Maple Ridge and Pitt Meadows skated through the storm basically without a scratch.

“A non-event here,” Kim Grout, Pitt Meadows’s director of operations, said Tuesday.

“The storm was humongous when the forecast came out Friday.”

But weather patterns shifted, the tidal flows cooperated in the rivers and streams in Pitt Meadows, and there was lots of capacity remaining in the drainage ditches.

Grout said this week there were low tidal flows in area streams.

“That’s the perfect week for a storm to hit us.”

There were no reports of flooding or storm damage.

Same, too, in Maple Ridge.

“I think we dodged a bullet,” said Mayor Ernie Daykin, adding there have been no reports of flooding.

Maple Ridge spokesman John Leeburn said cooling temperatures resulted in dropping of freezing levels, decreasing the chances of flooding from melting snow in the mountains.

The district had a conference call Monday with Environment Canada and the B.C. River Forecast Centre.

“Basically, we’re still in the monitoring mode.”

There was no thought of opening the emergency operations centre, which coordinates emergency response.

After Monday night’s windstorm, B.C. Hydro’s website showed seven power outages in Maple Ridge as of Tuesday morning, all with service restoration by that afternoon.
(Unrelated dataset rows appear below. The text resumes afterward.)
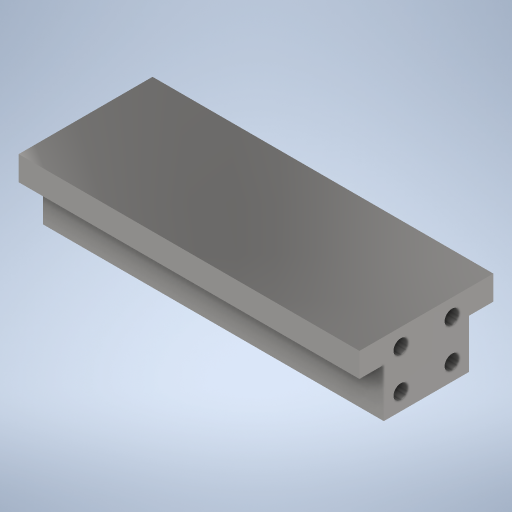
# Autodesk Inventor part: Fuhrung
Saved by Autodesk Inventor 2023.2 (Build 272271000, 271)
## iProperties
Created: 2023-02-02
Part Number: Fuhrung
Material: Steel, Mild
Document SubType Name: Modeling
Designer: Aditya
Density: 7.85 g/cm^3
Appearance: Semi-Polished
Author: Aditya
Autodesk Inventor part; units mm, degrees
ref_plane "YZ Plane" through (0, 0, 0) normal (1, 0, 0) x (0, 1, 0)
ref_plane "XZ Plane" through (0, 0, 0) normal (0, 1, 0) x (-1, 0, 0)
ref_plane "XY Plane" through (0, 0, 0) normal (0, 0, 1) x (1, 0, 0)
sketch "Sketch1" plane through (0, 0, 0) normal (1, 0, 0) x (0, 1, 0)
  line L0 (30, 0) -> (30, -55)
  line L1 (30, -55) -> (20, -55)
  line L2 (20, -55) -> (20, -45)
  line L3 (20, -45) -> (0, -45)
  line L4 (0, -45) -> (0, -10)
  line L5 (0, -10) -> (20, -10)
  line L6 (20, -10) -> (20, 0)
  line L7 (20, 0) -> (30, 0)
  point P0 (0, 0)
  dimension "d0" = 55
  dimension "d1" = 10
  dimension "d2" = 10
  dimension "d3" = 20
  dimension "d4" = 35
  dimension "d5" = 20
  dimension "d6" = 10
  dimension "d7" = 30
  dimension "d8" = 0
  constraints: 16 end point, 4 perpendicular, 2 point on line, 1 vertical
  measures "d0" distance of L0.start L0.end
  measures "d1" distance of L0.end L1.end
  measures "d2" distance of L1.end L2.end
  measures "d3" distance of L2.end L3.end
  measures "d4" distance of L3.end L4.end
  measures "d5" distance of L4.end L5.end
  measures "d6" distance of L5.end L6.end
  measures "d7" distance from line of point (0, 0) L0
  measures "d8" distance from line of point (0, 0) L7
extrude "Extrusion1" add sketch "Sketch1" against normal blind 140
sketch "Sketch3" plane through (0, 0, 0) normal (1, 0, 0) x (0, 0, -1)
  line L0 (55, 30) -> (0, 30) projected
  line L1 (10, 20) -> (10, 0) projected
  line L2 (45, 0) -> (45, 20) projected
  line L3 (10, 0) -> (45, 0) projected
  point P0 (0, 0)
  point P1 (17, 23)
  point P2 (38, 23)
  point P3 (17, 7)
  point P4 (38, 7)
  dimension "d26" = 7
  dimension "d27" = 7
  dimension "d28" = 7
  dimension "d29" = 7
  dimension "d30" = 7
  dimension "d31" = 7
  dimension "d32" = 7
  dimension "d33" = 7
  measures "d26" distance from line of L0 point (17, 23)
  measures "d27" distance from line of L1 point (17, 23)
  measures "d28" distance from line of L0 point (38, 23)
  measures "d29" distance from line of L2 point (38, 23)
  measures "d30" distance from line of L3 point (17, 7)
  measures "d31" distance from line of L3 point (38, 7)
  measures "d32" distance from line of L2 point (38, 7)
  measures "d33" distance from line of L1 point (17, 7)
hole "Hole2" at (0, 23, -17) at (0, 23, -38) at (0, 7, -38) at (0, 7, -17) direction (-1, 0, 0) diameter 4.917 depth 20 tip angle 118 counterbore diameter 6 counterbore depth 15 thread size "M6x1" class "6H" standard "ISO Metric profile"
sketch "Sketch4" plane through (-140, 0, 0) normal (-1, 0, 0) x (0, 0, 1)
  line L0 (-45, 0) -> (-10, 0) projected
  line L1 (-45, 20) -> (-45, 0) projected
  line L2 (-10, 0) -> (-10, 20) projected
  point P0 (0, 0)
  point P1 (-38, 23)
  point P2 (-17, 23)
  point P3 (-27.6865, 8)
  dimension "d41" = 8
  dimension "d42" = 23
  dimension "d43" = 23
  dimension "d44" = 7
  dimension "d45" = 7
  measures "d41" distance from line of L0 point (-27.686, 8)
  measures "d42" distance from line of L0 point (-38, 23)
  measures "d43" distance from line of L0 point (-17, 23)
  measures "d44" distance from line of L1 point (-38, 23)
  measures "d45" distance from line of L2 point (-17, 23)
hole "Hole3" at (-140, 8, -27.6865) at (-140, 23, -38) at (-140, 23, -17) direction (1, 0, 0) diameter 4.917 depth 20 tip angle 118 counterbore diameter 6 counterbore depth 15 thread size "M6x1" class "6H" standard "ISO Metric profile"
sketch "Sketch5" plane through (0, 0, -45) normal (0, -1, 0) x (1, 0, 0)
  line L0 (0, 35) -> (0, 0) projected
  line L1 (0, 45) -> (-140, 45) projected
  line L2 (0, -10) -> (-140, -10) projected
  point P0 (-115, 30)
  point P1 (-70, 30)
  point P2 (-25, 30)
  point P3 (-115, 5)
  point P4 (-70, 5)
  point P5 (-25, 5)
  dimension "d53" = 25
  dimension "d61" = 25
  dimension "d62" = 15
  dimension "d63" = 15
  dimension "d64" = 15
  dimension "d65" = 15
  dimension "d66" = 15
  dimension "d67" = 15
  dimension "d68" = 45
  dimension "d69" = 45
  dimension "d70" = 45
  dimension "d71" = 45
  measures "d53" distance from line of L0 point (-25, 30)
  measures "d61" distance from line of L0 point (-25, 5)
  measures "d62" distance from line of point (-25, 30) L1
  measures "d63" distance from line of L1 point (-70, 30)
  measures "d64" distance from line of L1 point (-115, 30)
  measures "d65" distance from line of L2 point (-25, 5)
  measures "d66" distance from line of L2 point (-70, 5)
  measures "d67" distance from line of L2 point (-115, 5)
  measures "d68" distance of point (-25, 30) point (-70, 30)
  measures "d69" distance of point (-25, 5) point (-70, 5)
  measures "d70" distance of point (-70, 5) point (-115, 5)
  measures "d71" distance of point (-70, 30) point (-115, 30)
hole "Hole4" at (-115, 0, -15) at (-70, 0, -15) at (-115, 0, -40) at (-70, 0, -40) at (-25, 0, -40) at (-25, 0, -15) direction (0, 1, 0) diameter 5.134 depth 16.2 tip angle 118 thread size "M6x0.8" class "6H" standard "ISO Metric profile"
body "Solid1"
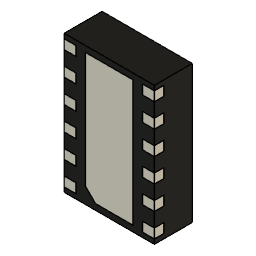
LM27762 (Autodesk Fusion 360 design; units mm, degrees)
Autodesk Fusion 360 part; units mm, degrees
sketch "草图1" plane through (0, 0, 0) normal (0, 1, 0) x (1, 0, 0)
  line L0 (-0.95, 1.45) -> (0.95, 1.45)
  line L1 (0.95, 1.45) -> (0.95, -1.45)
  line L2 (0.95, -1.45) -> (-0.95, -1.45)
  line L3 (-0.95, -1.45) -> (-0.95, 1.45)
  line L4 (-0.95, 1.45) -> (0.95, -1.45) construction
  line L5 (0.95, 1.45) -> (-0.95, -1.45) construction
  dimension "d1" = 2.9
  dimension "d2" = 1.9
  constraint horizontal L0
  constraint perpendicular L0 L1
  constraint parallel L0 L2
  constraint parallel L1 L3
  constraint coincident L4 origin
  constraint coincident L5 origin
  measures "d1" distance of L0.end L1.end
  measures "d2" distance of L1.end L2.end
extrude "拉伸1" add sketch "草图1" along normal blind 0.8 makes body 1
sketch "草图2" plane through (0, 0, 0) normal (0, -1, 0) x (1, 0, 0)
  line L0 (0.95, 1.45) -> (-0.95, 1.45)
  line L1 (-0.95, 1.45) -> (-0.95, -1.45)
  line L2 (-0.95, -1.45) -> (0.95, -1.45)
  line L3 (0.95, -1.45) -> (0.95, 1.45)
  line L4 (0, 2.5) -> (0, -3) construction
  line L5 (-2.5, 0) -> (3, 0) construction
  line L6 (-0.5, 1.325) -> (0.5, 1.325)
  line L7 (0.5, 1.325) -> (0.5, -1.325)
  line L8 (0.5, -1.325) -> (-0.2879, -1.325)
  line L9 (-0.2879, -1.325) -> (-0.5, -1.1129)
  line L10 (-0.5, -1.1129) -> (-0.5, 1.325)
  line L11 (-0.95, 1.35) -> (-0.7, 1.35)
  line L12 (-0.7, 1.35) -> (-0.7, 1.15)
  line L13 (-0.7, 1.15) -> (-0.95, 1.15)
  line L14 (-0.95, 1.15) -> (-0.95, 1.35)
  line L15 (-0.7, -1.15) -> (-0.95, -1.15)
  line L16 (-0.7, -1.35) -> (-0.7, -1.15)
  line L17 (-0.95, -1.15) -> (-0.95, -1.35)
  line L18 (-0.95, -1.35) -> (-0.7, -1.35)
  line L19 (-0.7, 0.65) -> (-0.95, 0.65)
  line L20 (-0.7, 0.85) -> (-0.7, 0.65)
  line L21 (-0.95, 0.85) -> (-0.7, 0.85)
  line L22 (-0.95, 0.65) -> (-0.95, 0.85)
  line L23 (-0.7, 0.15) -> (-0.95, 0.15)
  line L24 (-0.7, 0.35) -> (-0.7, 0.15)
  line L25 (-0.95, 0.35) -> (-0.7, 0.35)
  line L26 (-0.95, 0.15) -> (-0.95, 0.35)
  line L27 (-0.7, -0.35) -> (-0.95, -0.35)
  line L28 (-0.7, -0.15) -> (-0.7, -0.35)
  line L29 (-0.95, -0.15) -> (-0.7, -0.15)
  line L30 (-0.95, -0.35) -> (-0.95, -0.15)
  line L31 (-0.7, -0.85) -> (-0.95, -0.85)
  line L32 (-0.7, -0.65) -> (-0.7, -0.85)
  line L33 (-0.95, -0.65) -> (-0.7, -0.65)
  line L34 (-0.95, -0.85) -> (-0.95, -0.65)
  line L35 (-0.7, -1.35) -> (-0.95, -1.35)
  line L36 (-0.7, -1.15) -> (-0.7, -1.35)
  line L37 (-0.95, -1.15) -> (-0.7, -1.15)
  line L38 (-0.95, -1.35) -> (-0.95, -1.15)
  line L39 (0.7, 1.15) -> (0.95, 1.15)
  line L40 (0.7, 1.35) -> (0.7, 1.15)
  line L41 (0.95, 1.35) -> (0.7, 1.35)
  line L42 (0.95, 1.15) -> (0.95, 1.35)
  line L43 (0.95, 0.85) -> (0.7, 0.85)
  line L44 (0.7, 0.85) -> (0.7, 0.65)
  line L45 (0.7, 0.65) -> (0.95, 0.65)
  line L46 (0.95, 0.65) -> (0.95, 0.85)
  line L47 (0.95, 0.35) -> (0.7, 0.35)
  line L48 (0.7, 0.35) -> (0.7, 0.15)
  line L49 (0.7, 0.15) -> (0.95, 0.15)
  line L50 (0.95, 0.15) -> (0.95, 0.35)
  line L51 (0.95, -0.15) -> (0.7, -0.15)
  line L52 (0.7, -0.15) -> (0.7, -0.35)
  line L53 (0.7, -0.35) -> (0.95, -0.35)
  line L54 (0.95, -0.35) -> (0.95, -0.15)
  line L55 (0.95, -0.65) -> (0.7, -0.65)
  line L56 (0.7, -0.65) -> (0.7, -0.85)
  line L57 (0.7, -0.85) -> (0.95, -0.85)
  line L58 (0.95, -0.85) -> (0.95, -0.65)
  line L59 (0.7, -1.15) -> (0.95, -1.15)
  line L60 (0.7, -1.15) -> (0.7, -1.35)
  line L61 (0.95, -1.35) -> (0.95, -1.15)
  line L62 (0.95, -1.35) -> (0.7, -1.35)
  dimension "d5" = 1
  dimension "d6" = 2.65
  dimension "d7" = 135
  dimension "d8" = 0.3
  dimension "d9" = 0.2
  dimension "d10" = 0.25
  dimension "d11" = 2.7
  dimension "d14" = 0
  dimension "d15" = -2.5
  constraint vertical L4
  constraint perpendicular L1 L5
  constraint perpendicular L4 L6
  constraint perpendicular L6 L7
  constraint perpendicular L4 L8
  constraint perpendicular L6 L10
  constraint horizontal L11
  constraint vertical L12
  constraint horizontal L13
  constraint vertical L14
  constraint collinear L1 L14
  constraint symmetric L5 L11.start L17.end
  constraint symmetric L5 L11.end L16.start
  constraint symmetric L5 L12.end L15.start
  constraint symmetric L5 L13.end L15.end
  constraint symmetric L4 L11.start L41.start
  constraint symmetric L4 L11.end L40.start
  constraint symmetric L4 L12.end L39.start
  constraint symmetric L4 L13.end L39.end
  constraint symmetric L4 L15.start L59.start
  constraint symmetric L4 L15.end L59.end
  constraint symmetric L4 L16.start L60.end
  constraint symmetric L4 L17.end L61.start
  constraint symmetric L4 L19.start L44.end
  constraint symmetric L4 L19.end L45.end
  constraint symmetric L4 L20.start L43.end
  constraint symmetric L4 L21.start L43.start
  constraint symmetric L4 L23.start L48.end
  constraint symmetric L4 L23.end L49.end
  constraint symmetric L4 L24.start L47.end
  constraint symmetric L4 L25.start L47.start
  constraint symmetric L4 L27.start L52.end
  constraint symmetric L4 L27.end L53.end
  constraint symmetric L4 L28.start L51.end
  constraint symmetric L4 L29.start L51.start
  constraint symmetric L4 L31.start L56.end
  constraint symmetric L4 L31.end L57.end
  constraint symmetric L4 L32.start L55.end
  constraint symmetric L4 L33.start L55.start
  measures "d5" distance of L6.start L6.end
  measures "d6" distance of L6.end L7.end
  measures "d7" angle of L9 L10
  measures "d8" distance of L8.end L9.end
  measures "d9" distance of L11.start L13.end
  measures "d10" distance of L11.start L11.end
  measures "d11" distance of L11.start L17.end
extrude "拉伸2" cut sketch "草图2" against normal blind 0.2 contours L6 L7 L8 L9 L10 bodies 1
extrude "拉伸3" cut sketch "草图2" against normal blind 0.2 contours L3 L39 L40 L41 L42 | L1 L11 L12 L13 L14 | L3 L43 L44 L45 L46 | L1 L19 L20 L21 L22 | L3 L47 L48 L49 L50 | L1 L23 L24 L25 L26 | L3 L51 L52 L53 L54 | L1 L27 L28 L29 L30 | L3 L55 L56 L57 L58 | L1 L31 L32 L33 L34 | L3 L59 L60 L61 L62 | L1 L15 L16 L17 L18 L35 L36 L37 L38 bodies 1
extrude "拉伸4" add sketch "草图2" against normal blind 0.2 separate body contours L3 L39 L40 L41 L42 | L1 L11 L12 L13 L14 | L3 L43 L44 L45 L46 | L1 L19 L20 L21 L22 | L3 L47 L48 L49 L50 | L1 L23 L24 L25 L26 | L3 L51 L52 L53 L54 | L1 L27 L28 L29 L30 | L3 L55 L56 L57 L58 | L1 L31 L32 L33 L34 | L3 L59 L60 L61 L62 | L1 L15 L16 L17 L18 L35 L36 L37 L38 | L6 L7 L8 L9 L10 makes body 2 at (0.8667, 0, -0.7833) makes body 3 at (-0.8667, 0, -0.2167) makes body 4 at (-0.8667, 0, 0.7833) makes body 5 at (0.1667, 0, -0.371) makes body 6 at (-0.8667, 0, 0.2833) makes body 7 at (0.7833, 0, -1.2167) makes body 8 at (0.7833, 0, -0.2167) makes body 9 at (-0.8667, 0, -0.7167) makes body 10 at (0.8667, 0, 1.2167) makes body 11 at (-0.8667, 0, 1.2833) makes body 12 at (0.8667, 0, 0.7167) makes body 13 at (-0.8667, 0.0667, -1.35) makes body 14 at (0.8667, 0, 0.2167)

Two outages were shown for Pitt Meadows, as well as Barnston Island.

The subtropical storm wasn’t a true pineapple express because it didn’t originate as far south in the Pacific as Hawaii.

Nor did it hit the Lower Mainland as hard as had been forecast or as other similar storms have in the past.

Rainfall from Saturday to Tuesday ranged from a low of 46.4 millimetres in White Rock to between 80 and 90 mm on the North Shore.

Environment Canada meteorologist Doug Lundquist said it was a “very vigourous” system with lots of moisture, but nothing extraordinary.

“It was a pretty normal fall-type storm.”

A storm system of this size or bigger typically hits southern B.C. at least two or three times each year between November and January.

Rainfall was heavier in Squamish, where nearly 180 mm fell, and even more intense on Vancouver Island, where several rivers topped their banks.

B.C. Hydro crews scrambled to restore power to blacked out parts of the Lower Mainland on Monday and Tuesday after the storm lashed the region with high winds.

More than 20,000 Lower Mainland customers were without power as of early Monday morning, but most were back on line by noon.

With more stormy weather expected, residents are advised to have an emergency kit and provisions to last 72 hours and a plan of what to do if power fails.